Fue Lupi el primero en acordarse de Olvido. Yo había quedado sumido en un estupor que era incluso reconfortante, mientras miraba la oscuridad vacía, iluminada por el rescoldo, en aquel lugar donde se alzó la gran mole de la casa. A veces se oían chisporroteos y saltaban al aire las centellas.

– Se salvaron las bestias -dijo el cabo-. Y algunos muebles.

– Y la moto -le dijeron a Lupi.

El fue el primero en acordarse.

– ¿Y Olvido? -preguntó.

Yo estaba callado, contemplando el espacio tenebroso, lleno de brasas, reverberante de calor. La casa parecía tan grande, y ahora, tras el incendió, resultaba un exiguo montón de residuos.

El cabo sacó las manos de los bolsillos, se llevó una a la frente, en un ademán de pensar, de recordar, definitivamente tosco.

– Yo no la vi, no sé nada de ella, pero dicen que la vieron.

La gente nos rodeaba en silencio, con las miradas encendidas como otras brasas, en la emoción del accidente. Latía en todos un palpable sentimiento de respeto por la catástrofe.

– Mi hijo Miguel dice que la vio, como a media tarde, con una maleta -dijo uno.

– ¿Con una maleta? -pregunté yo entonces.

El hombre hablaba con la voz muy baja, como temiendo despertar a alguien.

– Sería la hora del Martiniano para Santander.
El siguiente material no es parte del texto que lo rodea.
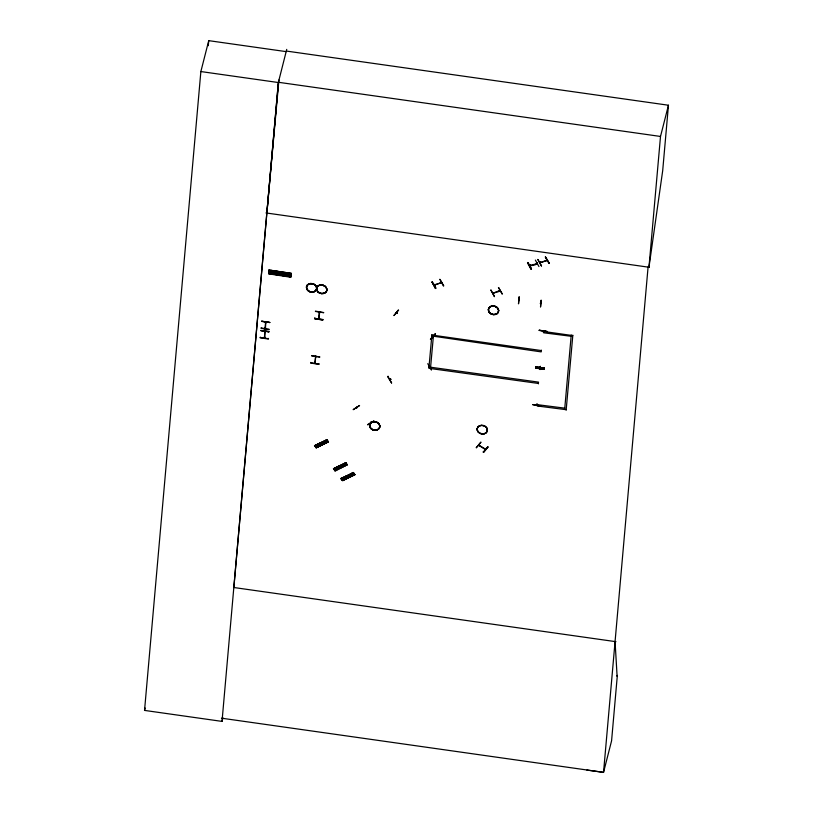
<?xml version="1.0" encoding="UTF-8"?>
<svg xmlns="http://www.w3.org/2000/svg" width="813" height="813" viewBox="0 0 813 813"><rect width="100%" height="100%" fill="white"/><g stroke="black" fill="none" stroke-linecap="round" stroke-linejoin="round"><path stroke-width="1.22" d="M260.841 330.566L269.052 331.704M261.664 321.298L269.875 322.436M535.879 368.045L544.08 369.234M539.202 330.322L547.413 331.501M268.646 273.412L290.902 276.786L291.247 273.381L269.022 269.957L268.656 273.554L290.871 276.766M268.676 273.209L268.727 272.68L290.942 276.105M268.717 272.751L290.973 276.115M269.022 269.987L268.9 271.146L291.125 274.499L268.961 270.617M268.971 270.475L291.196 273.768M290.891 276.562L268.676 273.148M268.94 270.709L291.176 274.174L291.247 273.31L269.022 270.16M311.511 355.789L319.712 357.08M315.424 311.44L323.625 312.731M441.662 282.853L440.91 283.158L440.941 282.335M493.582 293.32L492.637 293.28L492.861 292.751L492.759 293.544L493.44 293.361M500.28 290.698L499.538 291.44L499.304 290.871M500.158 290.475L500.056 291.267L499.263 291.115M529.802 265.302L529.7 266.095L530.604 265.505M547.2 260.434L546.377 260.699L546.478 259.906M390.687 379.041L390.809 379.264M429.701 366.572L428.878 367.313L428.725 366.734M222.925 717.828L222.02 721.395L144.541 710.41L200.862 71.554L208.738 40.65L286.206 51.636M208.291 45.711L208.738 40.65M222.02 721.395L278.331 82.53L286.735 49.38M268.503 338.381L268.402 339.011L260.19 337.852L260.292 337.212M260.831 330.667L269.042 331.826L260.892 330.383M261.054 328.188C275.048 328.991 268.707 331.338 261.105 327.944M261.644 321.399L269.855 322.558L261.705 321.115M264.804 330.901L265.048 331.938M265.18 327.629L265.008 328.767L265.129 327.7M266.003 321.552L265.831 322.761L265.627 321.643M264.733 337.019L264.479 338.076L264.794 331.226M265.109 331.897L265.19 330.82M265.881 322.619C266.003 319.174 265.241 331.867 265.363 328.056M538.47 383.462L428.878 368.319L431.906 334.651M538.582 382.13L428.99 366.998L430.595 367.161L433.39 336.196M538.369 383.848L538.491 382.517M431.794 335.972L541.184 351.887L541.407 350.169M566.265 409.701L537.19 405.982L537.403 404.274M571.112 336.287L543.643 332.791L543.856 331.084M566.163 410.087L572.83 335.19M286.359 51.056L668.459 105.233L662.697 170.628L648.967 267.243L648.073 267.121L603.541 772.35L586.915 770.084M648.063 267.203L648.957 267.335L660.502 136.452L668.459 105.233M266.867 213.067L278.92 80.02M519.101 296.999L518.501 303.849L519.192 296.786M540.787 303.391L540.34 303.656L540.564 302.873M540.442 303.361L540.848 302.914M540.533 306.938L541.153 300.109L540.554 306.714M539.182 330.424L547.393 331.633L539.253 330.139M535.858 368.147L544.07 369.356L535.919 367.872M535.94 367.222L544.151 368.421L535.93 367.252L536.031 366.612M543.257 330.556L543.074 331.755L543.165 330.678M543.572 331.216L543.358 331.806L543.135 331.074M539.934 368.279L539.751 369.488L539.741 368.797M543.369 331.734L543.541 330.596M543.46 331.196L543.419 331.765M536.956 405.199L536.722 404.671M540.218 368.33L540.035 369.458L540.249 368.95M540.137 368.919L539.68 369.336M540.289 366.744L540.279 367.466L540.401 366.368M544.141 368.462L544.243 367.822M540.818 406.195L540.919 405.555M356.714 407.222L356.47 408.116L356.643 407.628M270.953 273.768L271.298 270.373M272.457 274.001L272.802 270.607M274.713 274.337L275.058 270.942M276.715 274.642L277.06 271.237M278.971 274.977L279.316 271.583M288.645 276.44L288.991 273.046M479.446 444.874L479.162 445.656L478.623 444.721M485.656 448.878L485.27 449.477L484.7 448.705M322.883 319.418L322.781 320.007L314.59 318.706L314.692 318.066M315.454 311.166L323.665 312.568M318.981 363.726L318.879 364.366L310.678 363.055L310.79 362.415M319.031 318.401L318.706 318.503M319.357 312.172L318.594 318.889L318.777 317.822M314.804 362.791L314.682 363.309L315.119 362.75M314.702 362.689L314.966 363.35L315.566 356.074M315.729 356.643L315.017 363.218M268.442 338.696L260.241 337.456M432.038 335.83L432.668 336.663L432.902 335.86M540.818 406.154L532.647 404.61L540.858 405.829M290.942 276.247L290.83 277.233L268.605 273.849L268.747 272.762M310.718 362.74L318.92 364.051M314.59 318.696L322.802 319.946M144.541 710.41L145.151 708.032M265.627 322.395L265.719 321.511M265.831 322.761L266.003 321.623M265.434 328.208L265.465 327.669M265.546 327.751L265.353 328.676M264.906 330.779L264.652 331.826M265.008 332.019L265.262 330.972M264.367 336.897L264.54 338.045L265.109 331.419M264.652 336.938L264.195 337.964M319.479 311.725L319.275 312.934L319.763 311.775M319.275 312.934L319.357 312.243M319.062 317.873L318.869 319.001L319.672 312.365M319.092 318.422L318.94 318.97M311.562 355.616L319.753 356.917M315.851 356.124L315.739 356.572M315.718 357.293L315.922 356.277M314.661 363.208L314.875 362.171M315.159 362.222L314.966 363.279L315.231 362.303M315.922 445.046L317.466 447.069M316.755 444.64L318.3 446.662M315.881 447.475L328.015 441.347L328.452 441.835L316.186 447.79L314.499 445.748L326.785 439.721L328.472 441.784L316.227 447.678M318.005 444.03L319.55 446.052M319.103 443.492L320.657 445.504M320.352 442.882L321.897 444.894M334.834 468.024L336.379 470.046M335.657 467.617L337.212 469.629M336.907 467.008L338.452 469.02M338.015 466.459L339.56 468.481M359.559 405.474L353.309 409.447M339.265 465.849L340.81 467.871M356.246 407.892L356.379 407.333M356.775 407.963L356.897 407.415M341.064 478.39L341.43 479.162L353.716 473.156L353.37 472.719M342.314 477.78L343.858 479.792M343.137 477.363L344.692 479.385M353.503 472.902L341.104 478.755L353.177 472.465L354.946 474.782L342.608 480.402M344.387 476.753L345.932 478.776M345.495 476.215L347.039 478.237M346.745 475.605L348.289 477.627M398.299 310.017L394.051 315.312M367.72 424.538L374.041 420.941L367.791 424.914M396.358 312.568L396.338 313.168L396.52 312.385M396.947 312.995L396.957 313.523L397.242 313.005M397.181 312.731L396.835 313.442M370.606 422.862L370.515 422.14M371.013 422.191L370.86 422.669M388.136 376.226L387.659 376.622L391.561 382.964M390.016 379.051L389.945 379.874L390.189 379.376M390.535 378.888L390.728 379.59M432.353 281.857L435.565 288.513L431.998 282.009L436.042 288.117M434.315 284.55L435.067 284.987L434.416 285.241M434.355 284.459L434.244 285.251L441.774 282.406M435.107 284.56L434.955 285.099L434.864 284.296M443.39 285.983L439.863 279.245L443.796 285.83M441.459 282.162L440.717 282.853M441.54 282.975L441.652 282.182M430.524 338.94L430.839 339.438L435.504 334.123L430.839 339.428M432.303 335.566L432.049 336.297L432.658 336.125M431.957 336.145L432.425 335.556M432.994 336.013L432.292 336.033M427.76 363.655L431.408 370.088M428.766 367.283L428.878 366.49M429.101 366.551L428.959 367.303L429.386 366.328M429.579 366.348L428.878 367.273M490.849 290.18L494.487 296.674L490.971 289.936M493.461 293.402L493.623 292.853M498.725 287.65L502.312 294.143L498.43 287.548M499.649 290.983L499.416 291.45L499.456 290.627M499.965 290.454L492.708 293.3L500.097 291.176M476.286 447.678L480.92 442.14M478.603 445.321L478.776 444.538M478.623 445.29L478.969 444.569M479.274 445.656L479.477 444.975M531.499 268.961L527.85 262.518M527.81 262.69L531.428 269.215L527.911 262.487M519.029 299.824L518.999 300.16M519.314 299.865L518.887 300.617M519.365 300.078L518.836 300.302M529.69 265.414L537.027 263.747L537.098 263.016M529.985 265.627C529.934 266.003 538.714 264.753 536.397 263.168L536.986 263.026M529.71 265.78L530.32 265.129M530.279 265.607L530.432 265.17M530.401 265.942L530.564 265.404M483.572 452.313L488.085 446.916L483.583 452.343L483.257 451.845M484.965 448.441L484.69 449.111M484.619 449.03L485.087 448.43M485.331 449L485.341 449.528L485.564 448.725M535.371 260.089L538.948 266.573M536.905 263.006L536.295 263.656M537.84 259.479L541.428 265.963M536.997 263.808L537.22 263.249M539.781 262.152L540.482 262.335M539.893 262.04C539.334 263.432 541.163 262.66 540.411 261.867M540.076 262.365L539.862 262.863L546.885 260.19M540.645 262.142L540.533 262.589M545.34 257.081L549.344 263.432L545.452 256.827M546.295 260.394L546.997 259.743M547.312 259.987L547.078 260.556L547.19 259.764M543.358 331.806L543.541 330.667M540.056 366.937L539.934 367.456L540.371 366.419M540.36 366.897L540.259 367.415L539.903 366.836M540.035 369.529L540.208 368.401M536.783 404.051L536.895 405.159L536.671 404.508M537.068 404.091L536.926 405.138M571.234 334.966L564.659 409.478M564.781 408.156L537.312 404.661M547.108 260.495L539.862 262.802M390.647 379.641L389.864 379.6L390.535 379.386M539.944 366.836L539.903 367.313M435.565 288.503L432.018 281.989M537.871 259.459L541.519 265.953M531.021 269.337L527.474 262.833M476.316 447.77L480.798 442.313M483.196 452.109L487.83 446.764M393.99 315.566L398.604 310.2M396.317 313.096L397.161 313.33M428.644 367.019L429.274 366.775M353.249 409.711L359.488 405.646M434.254 284.946L441.53 282.629M387.974 376.49L391.612 382.984M314.499 445.748L326.938 439.752L327.222 440.209L315.027 446.439L327.314 440.422M314.712 446.032L326.999 440.026M314.651 445.768L327.233 440.148L315.038 446.439M315.769 447.414L328.025 441.368M315.729 447.363L328.239 441.652M316.186 447.872L328.32 441.764M333.554 468.816L345.688 462.699L347.375 464.751L335.18 471.042L333.401 468.705L345.84 462.729L346.145 463.207L333.94 469.416L346.226 463.4M333.737 469.152L346.145 463.125L333.604 468.979L333.95 469.416M347.131 464.599L334.793 470.453M347.08 464.355L334.661 470.381L335.078 470.818M334.844 470.605L347.375 464.751M354.641 474.386L342.121 480.107L354.824 474.548L342.639 480.778L340.891 478.481L353.401 472.76M353.625 472.871L341.338 478.887M342.121 480.107L354.559 474.111M265.607 321.958L264.987 328.676M478.735 445.036L485.442 449.183M545.421 257.02L549.039 263.493M660.502 136.452L278.402 82.276L233.859 587.514L615.959 641.691M200.862 71.554L278.331 82.53M265.973 212.935L648.967 267.243M543.755 331.47L572.728 335.576M431.815 335.037L541.306 350.555M221.441 718.174L603.541 772.35L611.579 740.806L617.341 675.41L617.108 676.314L615.065 641.559M346.023 463.146L333.858 469.213M354.702 474.467L342.324 480.361L354.854 474.589M478.583 445.219L485.31 449.467M396.317 313.066L397.069 313.178M353.685 473.136L341.419 479.162M344.58 463.349L346.135 465.361M352.059 473.095L353.614 475.117M325.678 440.372L327.222 442.394M535.97 366.897L544.192 368.065L535.98 366.856M314.631 318.35L322.842 319.621L314.641 318.31M435.189 333.879L430.463 339.194L435.189 333.879M307.7 290.282A5.193 4.248 14.3 0 0 316.45 289.591A5.193 4.248 14.3 0 0 310.627 283.493A5.193 4.248 14.3 0 0 307.7 290.282M307.741 290.19A5.152 4.217 14.3 0 0 316.43 289.509A5.152 4.217 14.3 0 0 310.647 283.452A5.152 4.217 14.3 0 0 307.741 290.19M307.69 290.393A5.163 4.228 14.3 0 0 316.389 289.702A5.193 4.248 14.3 0 0 310.596 283.615A5.193 4.248 14.3 0 0 307.67 290.404A5.193 4.248 14.3 0 0 316.42 289.713A5.163 4.228 14.3 0 0 310.596 283.635A5.163 4.228 14.3 0 0 307.69 290.393M370.779 428.492A5.193 4.248 14.3 0 0 379.519 427.801A5.193 4.248 14.3 0 0 373.706 421.713A5.193 4.248 14.3 0 0 370.779 428.492A5.163 4.228 14.3 0 0 379.498 427.801A5.163 4.228 14.3 0 0 373.706 421.734A5.163 4.228 14.3 0 0 370.799 428.481M370.85 428.278A5.163 4.228 14.3 0 0 379.549 427.597A5.163 4.228 14.3 0 0 373.756 421.53A5.163 4.228 14.3 0 0 370.85 428.278M370.799 428.38A5.193 4.248 14.3 0 0 379.559 427.689A5.193 4.248 14.3 0 0 373.726 421.581A5.193 4.248 14.3 0 0 370.799 428.38M317.812 291.847A5.193 4.248 14.3 0 0 326.572 291.156A5.193 4.248 14.3 0 0 320.749 285.048A5.193 4.248 14.3 0 0 317.812 291.847A5.163 4.228 14.3 0 0 326.541 291.145A5.163 4.228 14.3 0 0 320.749 285.078A5.163 4.228 14.3 0 0 317.842 291.826M317.893 291.633A5.152 4.217 14.3 0 0 326.582 290.942A5.152 4.217 14.3 0 0 320.8 284.896A5.193 4.248 14.3 0 0 317.842 291.725A5.193 4.248 14.3 0 0 326.602 291.034A5.193 4.248 14.3 0 0 320.779 284.936A5.152 4.217 14.3 0 0 317.893 291.633M489.609 312.842A5.193 4.248 14.3 0 0 498.349 312.151A5.193 4.248 14.3 0 0 492.526 306.064A5.193 4.248 14.3 0 0 489.609 312.842A5.163 4.228 14.3 0 0 498.328 312.151A5.163 4.228 14.3 0 0 492.536 306.084A5.163 4.228 14.3 0 0 489.619 312.832M489.67 312.649A5.163 4.228 14.3 0 0 498.369 311.958A5.163 4.228 14.3 0 0 492.587 305.891A5.163 4.228 14.3 0 0 489.67 312.649M489.629 312.731A5.193 4.248 14.3 0 0 498.379 312.04A5.193 4.248 14.3 0 0 492.556 305.942A5.193 4.248 14.3 0 0 489.629 312.731M478.369 432.211A5.193 4.248 14.3 0 0 487.109 431.52A5.193 4.248 14.3 0 0 481.296 425.423A5.193 4.248 14.3 0 0 478.369 432.211A5.163 4.228 14.3 0 0 487.089 431.51A5.163 4.228 14.3 0 0 481.296 425.443A5.163 4.228 14.3 0 0 478.39 432.201M478.44 431.998A5.163 4.228 14.3 0 0 487.139 431.307A5.163 4.228 14.3 0 0 481.347 425.24A5.163 4.228 14.3 0 0 478.44 431.998"/></g></svg>

El chaval se acercó a nosotros a través del muro de los adultos, que se iba abriendo. A la luz escasísima de la bombilla de la calle, sólo los ojos brillaban en la masa blanquecina y desvaída del rostro.

– Yo la vi, con una maleta. Iba para el puente nuevo. Iba como llorando.

– ¿Con una maleta? -repitió Lupi.

El chaval afirmó con la cabeza. Un sonido de hundimiento, que tronó en las ruinas humeantes, pareció rematar su gesto.